Hello again, friends,
I thought I’d ask this as ML and data science are somewhat out of my forte.
I’d like to use Julia for analyzing different datasets, not just for work. So to give you an idea, let me give a simple example:
Say we have a some S3 Bucket somewhere that holds parquet files, and we can read them in via DuckDB with DuckDB.jl and view them and plot them with DataFrames.jl, as well as slice up the data quickly as opposed to someone doing it with a CSV file in Excel. Lovely, however say we wanted to use ML with Julia to do some predictions. For the sake of it, because I’m not typing out a parquet file, we have the following data as a CSV:
Quarter,Year,"Total Sales","Total Business Expenses","CAPEX","Sales Percent Change from Previous Quarter","Percent Market Inflation Change","Insurance Paid"
1,2010,4502,1030,1000,0.12,0.1,2001
etc.
Let’s say this data goes up to this quarter and year. We want to get a decent estimate of numbers like total sales, adjusting for inflation, for the next 12 quarters. There’s likely lots of other data (columns) that could be in this example dataset (more like there would have to be in order to be more accurate), but for the sake of it that’s all I’m typing out, haha.

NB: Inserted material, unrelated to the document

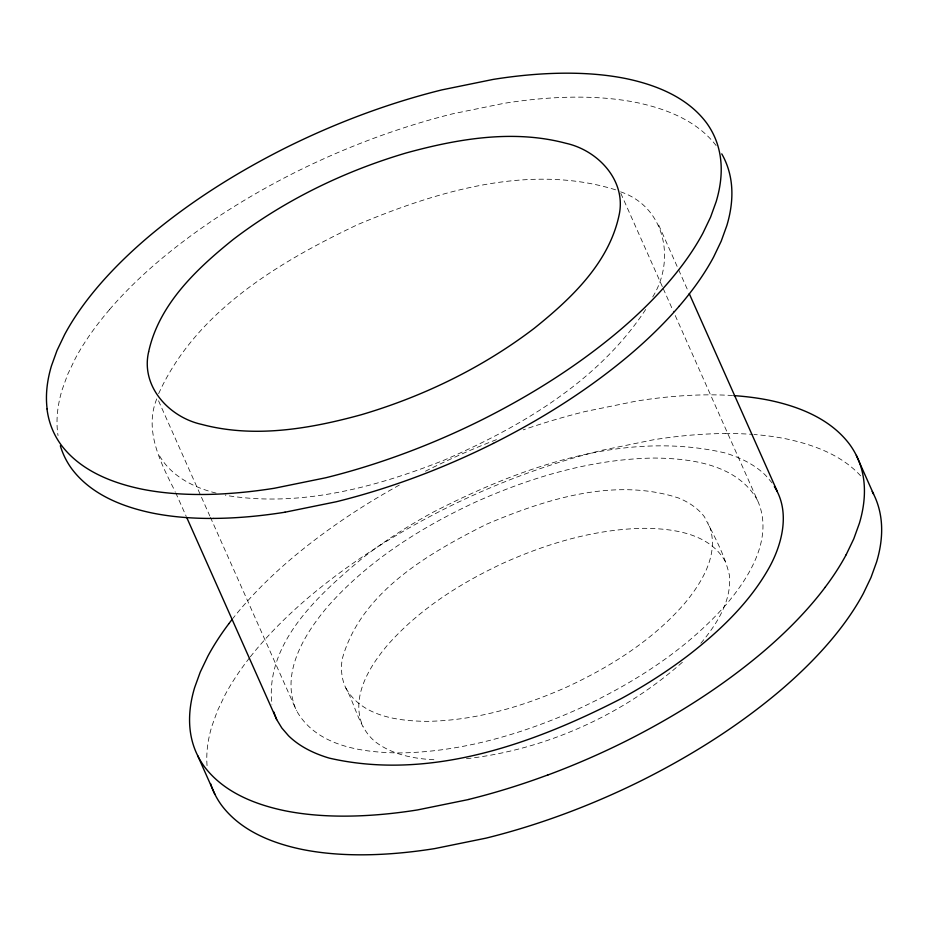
<?xml version="1.0" encoding="UTF-8"?>
<svg xmlns="http://www.w3.org/2000/svg" width="928" height="928" viewBox="0 0 928 928"><rect width="100%" height="100%" fill="white"/><g stroke="black" fill="none" stroke-linecap="round" stroke-linejoin="round"><path stroke-width="0.7" stroke-dasharray="4.64 3.48" d="M156.739 398.924C143.77 430.685 160.938 463.408 175.125 491.434M158.63 393.692C195.808 311.286 279.56 261.661 358.092 224.425C438.004 191.017 529.807 163.224 615.589 189.811M652.72 296.925C675.851 259.666 664.982 206.712 620.554 191.818M645.668 309.488C598.537 381.246 520.944 426.834 443.839 460.265C375.132 487.455 299.64 507.709 225.458 495.297M700.849 643.278C716.66 624.358 731.786 601.089 729.443 575.337C724.71 554.666 713.945 535.572 704.422 516.803C697.96 508.219 688.715 502.234 678.89 498.116C615.02 477.096 546.035 499.009 486.62 524.204C428.666 553.25 360.783 592.064 342.258 658.88C340.611 668.705 341.504 679.006 345.842 688.054C356.085 706.405 359.264 730.556 377.51 743.409C394.307 755.183 415.234 758.953 435.348 759.788M682.358 662.29C621.853 715.732 544.156 750.392 463.849 759.011M399.33 485.077C361.526 505.992 325.461 530.132 292.343 557.902A361.027 164.465 -24 0 0 233.114 618.152M425.476 471.25L427.97 469.939A361.027 164.465 -24 0 1 498.092 439.025M216.085 493.093C192.954 487.432 169.383 475.206 158.096 453.2M716.126 145.545C697.125 120.826 666.524 108.866 636.898 102.602A361.027 164.465 -24 0 0 575.418 97.138A361.908 164.871 -24 0 0 503.95 103.344L452.655 113.819A361.908 164.871 -24 0 0 399.945 129.108A361.027 164.465 -24 0 0 295.429 172.237C247.208 196.527 201.179 225.446 159.79 260.2A361.027 164.465 -24 0 0 109.643 309.43M860.639 475.832C841.545 454.952 813.717 444.825 786.666 438.967A361.027 164.465 -24 0 0 753.965 434.501M772.142 482.954L765.507 475.252A275.976 125.721 -24 0 0 724.687 452.852C624.556 429.884 521.142 466.9 432.75 512.384A275.976 125.721 -24 0 0 363.637 557.206C320.16 593.421 264.608 642.164 271.927 704.793M757.538 500.424C737.458 464.383 691.035 458.304 653.672 458.049C591.948 459.082 531.616 476.992 475.612 502.036C420.651 527.591 367.998 560.837 327.654 606.634C304.198 634.276 279.92 673.693 296.461 710.558C316.529 746.599 362.964 752.678 400.328 752.933C462.04 751.9 522.371 734.002 578.388 708.946C633.348 683.402 686.001 650.145 726.334 604.348C749.789 576.706 774.08 537.289 757.538 500.424L673.264 311.135M725.371 561.602C709.595 533.31 673.113 528.508 643.765 528.31C595.266 529.146 547.856 543.182 503.846 562.867C460.659 582.946 419.282 609.07 387.579 645.053C369.17 666.803 350.1 697.74 363.057 726.728M345.842 688.054C361.618 716.346 398.089 721.149 427.448 721.346C475.948 720.511 523.346 706.475 567.368 686.79C610.554 666.71 651.932 640.587 683.634 604.604C702.044 582.854 721.114 551.916 708.145 522.94M658.718 225.063L678.09 268.575M678.67 269.886L688.066 290.986M620.809 193.326L662.65 287.309M663.242 288.631L672.672 309.813M158.549 400.815L209.821 515.98M210.412 517.302L296.461 710.558M175.705 492.756L186.273 516.49M249.47 657.929A361.908 164.871 -24 0 0 225.052 694.91L217.442 710.813L211.851 726.288A361.908 164.871 -24 0 0 206.828 755.612A361.027 164.465 -24 0 0 207.141 766.621M250.328 656.827A361.908 164.871 -24 0 1 259.411 645.807A361.027 164.465 -24 0 1 309.558 596.576C350.946 561.823 396.975 532.904 445.185 508.614A361.027 164.465 -24 0 1 549.736 465.404A361.908 164.871 -24 0 1 602.423 450.184L653.718 439.733A361.908 164.871 -24 0 1 725.058 433.538M725.186 433.515A361.027 164.465 -24 0 1 752.585 434.397M732.575 395.537A361.027 164.465 -24 0 0 685.061 395.63A361.908 164.871 -24 0 0 636.504 401.058L585.197 411.522A361.908 164.871 -24 0 0 523.241 429.861M109.62 309.511A361.908 164.871 -24 0 0 75.261 358.614L67.674 374.436L62.083 389.911A361.908 164.871 -24 0 0 57.06 419.236A361.027 164.465 -24 0 0 58.035 435.568"/><path stroke-width="1.39" d="M846.15 554.747L853.772 538.855L859.363 523.369A361.908 164.871 -24 0 0 863.782 480.368A361.027 164.465 -24 0 0 849.549 444.268C830.49 418.98 799.53 406.615 769.451 400.304A361.027 164.465 -24 0 0 733.967 395.63M493.476 443.34C541.685 419.05 587.714 390.131 629.103 355.378A361.027 164.465 -24 0 0 679.25 306.147M468.802 799.472L417.496 809.935A361.908 164.871 -24 0 1 368.938 815.352A361.027 164.465 -24 0 1 284.548 810.678C254.458 804.379 223.509 792.002 204.438 766.725A361.027 164.465 -24 0 1 190.217 730.626A361.908 164.871 -24 0 1 194.625 687.613L200.228 672.139L207.837 656.247A361.908 164.871 -24 0 1 228.833 623.732M284.942 512.221L336.249 501.758A361.908 164.871 -24 0 0 388.925 486.55A361.027 164.465 -24 0 0 493.476 443.34M774.358 486.585C790.238 511.131 782.64 542.88 769.579 566.904C750.381 601.576 721.276 629.52 690.351 653.776A275.976 125.721 -24 0 1 621.25 698.598C532.846 744.094 429.444 781.098 329.312 758.13A275.976 125.721 -24 0 1 288.492 735.73L281.845 728.028L276.683 719.56L186.864 517.812M856.335 455.393L873.561 494.067M689.237 293.631L777.304 491.422M197.652 755.589L214.878 794.264M273.621 711.706L276.683 719.56M872.216 491.515A361.027 164.465 -24 0 1 881.612 532.718A361.908 164.871 -24 0 1 876.577 562.043L870.986 577.518L863.376 593.41A361.908 164.871 -24 0 1 829.017 642.524A361.027 164.465 -24 0 1 778.87 691.754C737.482 726.508 691.453 755.427 643.243 779.717A361.027 164.465 -24 0 1 538.692 822.927A361.908 164.871 -24 0 1 486.005 838.146L434.71 848.598A361.908 164.871 -24 0 1 363.242 854.816A361.027 164.465 -24 0 1 301.762 849.352C271.672 843.053 240.723 830.676 221.664 805.388A361.027 164.465 -24 0 1 210.552 783.592M846.185 554.666A361.908 164.871 -24 0 1 825.154 587.25M547.996 774.88A361.908 164.871 -24 0 1 468.826 799.391M547.972 774.95A361.027 164.465 -24 0 0 626.017 741.043C674.238 716.764 720.267 687.834 761.656 653.08A361.027 164.465 -24 0 0 825.12 587.331M228.868 623.662A361.027 164.465 -24 0 1 232.244 619.254M225.852 493.673A361.908 164.871 -24 0 0 274.41 488.244L325.589 477.804A361.908 164.871 -24 0 0 404.759 453.293A361.027 164.465 -24 0 0 482.804 419.386C531.025 395.108 577.054 366.177 618.442 331.424A361.027 164.465 -24 0 0 668.589 282.193A361.908 164.871 -24 0 0 702.948 233.09L710.558 217.187L716.149 201.712A361.908 164.871 -24 0 0 720.569 158.711A361.027 164.465 -24 0 0 706.336 122.612C687.288 97.324 656.316 84.958 626.238 78.648A361.027 164.465 -24 0 0 564.758 73.184A361.908 164.871 -24 0 0 493.29 79.39L441.983 89.865A361.908 164.871 -24 0 0 362.813 114.376A361.027 164.465 -24 0 0 284.757 148.283C236.547 172.573 190.518 201.492 149.13 236.246A361.027 164.465 -24 0 0 85.654 301.994A361.908 164.871 -24 0 0 64.624 334.59L57.014 350.482L51.423 365.957A361.908 164.871 -24 0 0 47.131 408.935M47.003 408.97A361.027 164.465 -24 0 0 61.236 445.057C80.284 470.345 111.256 482.722 141.334 489.033A361.027 164.465 -24 0 0 225.724 493.708M721.752 153.874A361.027 164.465 -24 0 1 731.844 196.342A361.908 164.871 -24 0 1 726.81 225.666L721.218 241.141L713.609 257.033A361.908 164.871 -24 0 1 679.25 306.147M285.07 512.198A361.908 164.871 -24 0 1 213.602 518.404M213.475 518.439A361.027 164.465 -24 0 1 152.006 512.975C121.916 506.676 90.956 494.299 71.897 469.011A361.027 164.465 -24 0 1 60.355 445.834M148.642 351.793C140.522 386.547 169.302 417.322 201.724 424.409C254.33 438.434 309.894 428.84 361.41 414.7C423.47 396.372 482.711 367.592 534.238 328.303C570.778 298.944 608.548 263.494 618.93 215.876C627.05 181.122 598.27 150.348 565.848 143.26C513.242 129.236 457.678 138.829 406.162 152.969C344.102 171.297 284.861 200.077 233.334 239.366C196.794 268.726 159.024 304.175 148.642 351.793"/></g></svg>

My question is…where does one start when using data like this with Flux and/or MLJ? I have to better learn about stuff like loss functions and the different kinds of regressions, but at least looking at the guides for Flux and MLJ they mention using existing datasets or just array with randomly populated data, but not custom ones.
I could be asking this and the answer is right in front of me, but I could also just not be too bright.